From the records below, output exactly the lines running from the line containing "line L14 (55.8165, -1.016)" through the line containing "constraint midpoint L0 L10.start", and no others.

Dataset entries
--

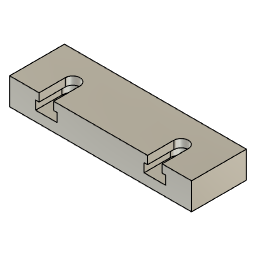
Quick-Change Soft Jaws (Autodesk Fusion 360 design; units mm, degrees)
Autodesk Fusion 360 part; units mm, degrees
sketch "Sketch1" plane through (0, 0, 0) normal (0, 0, 1) x (1, 0, 0)
  line L0 (82.55, 24.892) -> (-82.55, 24.892)
  line L1 (-82.55, 24.892) -> (-82.55, -24.892)
  line L2 (-82.55, -24.892) -> (82.55, -24.892)
  line L3 (82.55, -24.892) -> (82.55, 24.892)
  line L4 (82.55, 24.892) -> (-82.55, -24.892) construction
  line L5 (-82.55, 24.892) -> (82.55, -24.892) construction
  circle A0 centre (-49.2125, -1.016) radius 3.9688
  circle A1 centre (49.2125, -1.016) radius 3.9688
  line L6 (-39.4335, -1.016) -> (-39.4335, -24.892)
  line L7 (-58.9915, -1.016) -> (-58.9915, -24.892)
  line L8 (39.4335, -1.016) -> (39.4335, -24.892)
  line L9 (58.9915, -1.016) -> (58.9915, -24.892)
  arc A2 (-39.4335, -1.016) -> (-58.9915, -1.016) centre (-49.2125, -1.016) ccw
  arc A3 (58.9915, -1.016) -> (39.4335, -1.016) centre (49.2125, -1.016) ccw
  line L10 (0, 24.892) -> (0, -24.892) construction
  circle A4 centre (-49.2125, -1.016) radius 6.604
  circle A5 centre (49.2125, -1.016) radius 6.604
  line L11 (-42.6085, -1.016) -> (-42.6085, -24.892)
  line L12 (-55.8165, -1.016) -> (-55.8165, -24.892)
  line L13 (42.6085, -1.016) -> (42.6085, -24.892)
  line L14 (55.8165, -1.016) -> (55.8165, -24.892)
  point P0 (-49.2125, -1.016)
  point P1 (49.2125, -1.016)
  dimension "d1" = 165.1
  dimension "d2" = 49.784
  dimension "d3" = 7.9375
  dimension "d4" = 7.9375
  dimension "d5" = 98.425
  dimension "d9" = 23.876
  dimension "d10" = 19.558
  dimension "d11" = 19.558
  dimension "d16" = 23.876
  dimension "d17" = 49.2125
  dimension "d19" = 13.208
  dimension "d20" = 13.208
  constraint perpendicular L0 L1
  constraint parallel L0 L2
  constraint parallel L1 L3
  constraint horizontal L0
  constraint coincident L4 origin
  constraint coincident L5 origin
  constraint coincident P0 A0.centre
  constraint coincident P1 A1.centre
  constraint concentric A0 A2
  constraint coincident L2 L6.end
  constraint tangent L6 A2
  constraint perpendicular L2 L6
  constraint coincident L2 L7.end
  constraint tangent L7 A2
  constraint perpendicular L2 L7
  constraint coincident L2 L8.end
  constraint tangent L8 A3
  constraint perpendicular L2 L8
  constraint coincident L2 L9.end
  constraint tangent L9 A3
  constraint perpendicular L2 L9
  constraint midpoint L0 L10.start
  constraint midpoint L2 L10.end
  constraint concentric A1 A5
  constraint coincident A4 L11.start
  constraint coincident L2 L11.end
  constraint perpendicular L2 L11
  constraint tangent A4 L11
  constraint coincident A4 L12.start
  constraint coincident L2 L12.end
  constraint perpendicular L2 L12
  constraint tangent A4 L12
  constraint coincident A5 L13.start
  constraint coincident L2 L13.end
  constraint perpendicular L2 L13
  constraint coincident A5 L14.start
  constraint coincident L2 L14.end
  constraint perpendicular L2 L14
  constraint tangent A5 L14
  constraint tangent A5 L13
  measures "d1" distance of L1.end L2.end
  measures "d2" distance of L0.end L1.end
  measures "d3" diameter of A0
  measures "d4" diameter of A1
  measures "d5" distance of P0 P1
  measures "d9" distance of L2 P0
  measures "d10" diameter of A2
  measures "d11" diameter of A3
  measures "d16" distance of L2 P1
  measures "d17" distance of P1 L10
  measures "d19" diameter of A4
  measures "d20" diameter of A5
extrude "Extrude1" add sketch "Sketch1" against normal blind 24.384
extrude "Extrude2" cut sketch "Sketch1" against normal blind 15.24 contours L2 L8 L9 A3 A5 L13 L14 | L2 L6 L7 A2 A4 L11 L12 | L2 A5 L13 L14 | L2 A4 L11 L12 | A5 | A4
extrude "Extrude3" add sketch "Sketch1" against normal blind 7.3025 contours L2 L8 L9 A3 A5 L13 L14 | L2 L6 L7 A2 A4 L11 L12
equation "d2 = 2 in - 0.04 in"
equation "d4 = d3"
equation "d11 = d10"
equation "d12 = -1 in + 0.04 in"
equation "d17 = ( 3.875 / 2 ) * 1 in"
equation "d20 = d19"
named bodies: "QuickChangeSoftJaw"

--

## Written response
  line L14 (55.8165, -1.016) -> (55.8165, -24.892)
  point P0 (-49.2125, -1.016)
  point P1 (49.2125, -1.016)
  dimension "d1" = 165.1
  dimension "d2" = 49.784
  dimension "d3" = 7.9375
  dimension "d4" = 7.9375
  dimension "d5" = 98.425
  dimension "d9" = 23.876
  dimension "d10" = 19.558
  dimension "d11" = 19.558
  dimension "d16" = 23.876
  dimension "d17" = 49.2125
  dimension "d19" = 13.208
  dimension "d20" = 13.208
  constraint perpendicular L0 L1
  constraint parallel L0 L2
  constraint parallel L1 L3
  constraint horizontal L0
  constraint coincident L4 origin
  constraint coincident L5 origin
  constraint coincident P0 A0.centre
  constraint coincident P1 A1.centre
  constraint concentric A0 A2
  constraint coincident L2 L6.end
  constraint tangent L6 A2
  constraint perpendicular L2 L6
  constraint coincident L2 L7.end
  constraint tangent L7 A2
  constraint perpendicular L2 L7
  constraint coincident L2 L8.end
  constraint tangent L8 A3
  constraint perpendicular L2 L8
  constraint coincident L2 L9.end
  constraint tangent L9 A3
  constraint perpendicular L2 L9
  constraint midpoint L0 L10.start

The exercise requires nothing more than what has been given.